Plug your phone into you PC and you should be prompted to upgrade through iTunes.


----------



## Jtsou (Jul 13, 2007)

*Re: IOS 5 Siri*

Siri is only available for the iPhone 4S, apple claims the dual core A5 is needed to run it.


----------



## Nico1219 (Aug 17, 2011)

Is there a jailbreak method like how to get multitasking on older unsupported devices?


----------



## JMPC (Jan 15, 2011)

*Re: IOS 5 Siri*

Siri may only be for the 4S but if you look at the bottom of the iOS 5 page it shows it can be used on many products other than the 4S.

Apple - iOS 5 - See new features included in iOS 5.


----------



## Carpetfizz (Jul 5, 2011)

TSF will not assist you in any way about jailbreaking or modding devices. As of now, Siri is only available on the 4S due to hardware limitations of the current generation. Maybe this will change when it is out of Beta. However, iOS5 will run on all devices two generations ago, and up.


----------



## Jtsou (Jul 13, 2007)

*Re: IOS 5 Siri*

Edit: bump


----------



## Masterchiefxx17 (Feb 27, 2010)

*Re: IOS 5 Siri*

Please do not bump your posts. Your answer is right here:



Carpetfizz said:


> TSF will not assist you in any way about jailbreaking or modding devices. As of now, Siri is only available on the 4S due to hardware limitations of the current generation. Maybe this will change when it is out of Beta. However, iOS5 will run on all devices two generations ago, and up.


----------



## Jtsou (Jul 13, 2007)

*Re: IOS 5 Siri*



Masterchiefxx17 said:


> Please do not bump your posts. Your answer is right here:


This isn't my thread anyway. The post originally contained something else, but I decided it was redundant, hence the "edit:" I think I've been around this forum for a while.


----------



## Masterchiefxx17 (Feb 27, 2010)

*Re: IOS 5 Siri*



Jtsou said:


> This isn't my thread anyway.

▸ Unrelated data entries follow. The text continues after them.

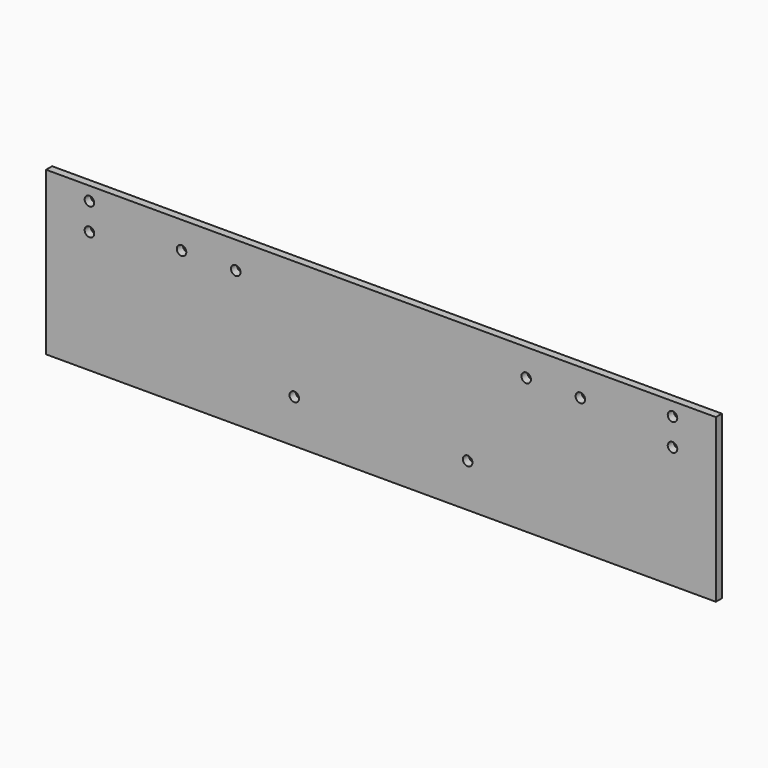
from build123d import *

# Parameters (mm, degrees)
F0_W     = 618
F0_H     = 150
F1_DEPTH = 7
F3_D     = 8.8
F5_D     = 8.8


# Not quite as in the source:
# - a feature names something its author has since deleted; it is built from what else it names


with BuildPart() as f1:
    # F0 (on Front) → F1 (new body)
    with BuildSketch(Plane.XZ):
        with Locations((1, -375)):
            Rectangle(F0_W, F0_H)
    extrude(amount=F1_DEPTH)

    # F3 (through all)
    with Locations(Plane.XZ.offset(7)):
        with Locations((-183, -325), (-133, -325), (185, -325), (135, -325)):
            Hole(F3_D / 2)

    # F5 (through all)
    with Locations(Plane.XZ.offset(7)):
        with Locations((-268, -337.5), (-268, -312.5), (270, -337.5), (270, -312.5), (-79, -410), (81, -410)):
            Hole(F5_D / 2)


solid = f1.part

The post originally contained something else, but I decided it was redundant, hence the "edit:" I think I've been around this forum for a while.


Oh, I am sorry about that! Didn't see the edit =P! Also didn't notice your post count, Sorry again.:1angel:


----------



## Carpetfizz (Jul 5, 2011)

Please mark this thread as solved.


----------



## Amd_Man (Jan 27, 2009)

*Re: IOS 5 Siri*

Marking as solved and closing.


----------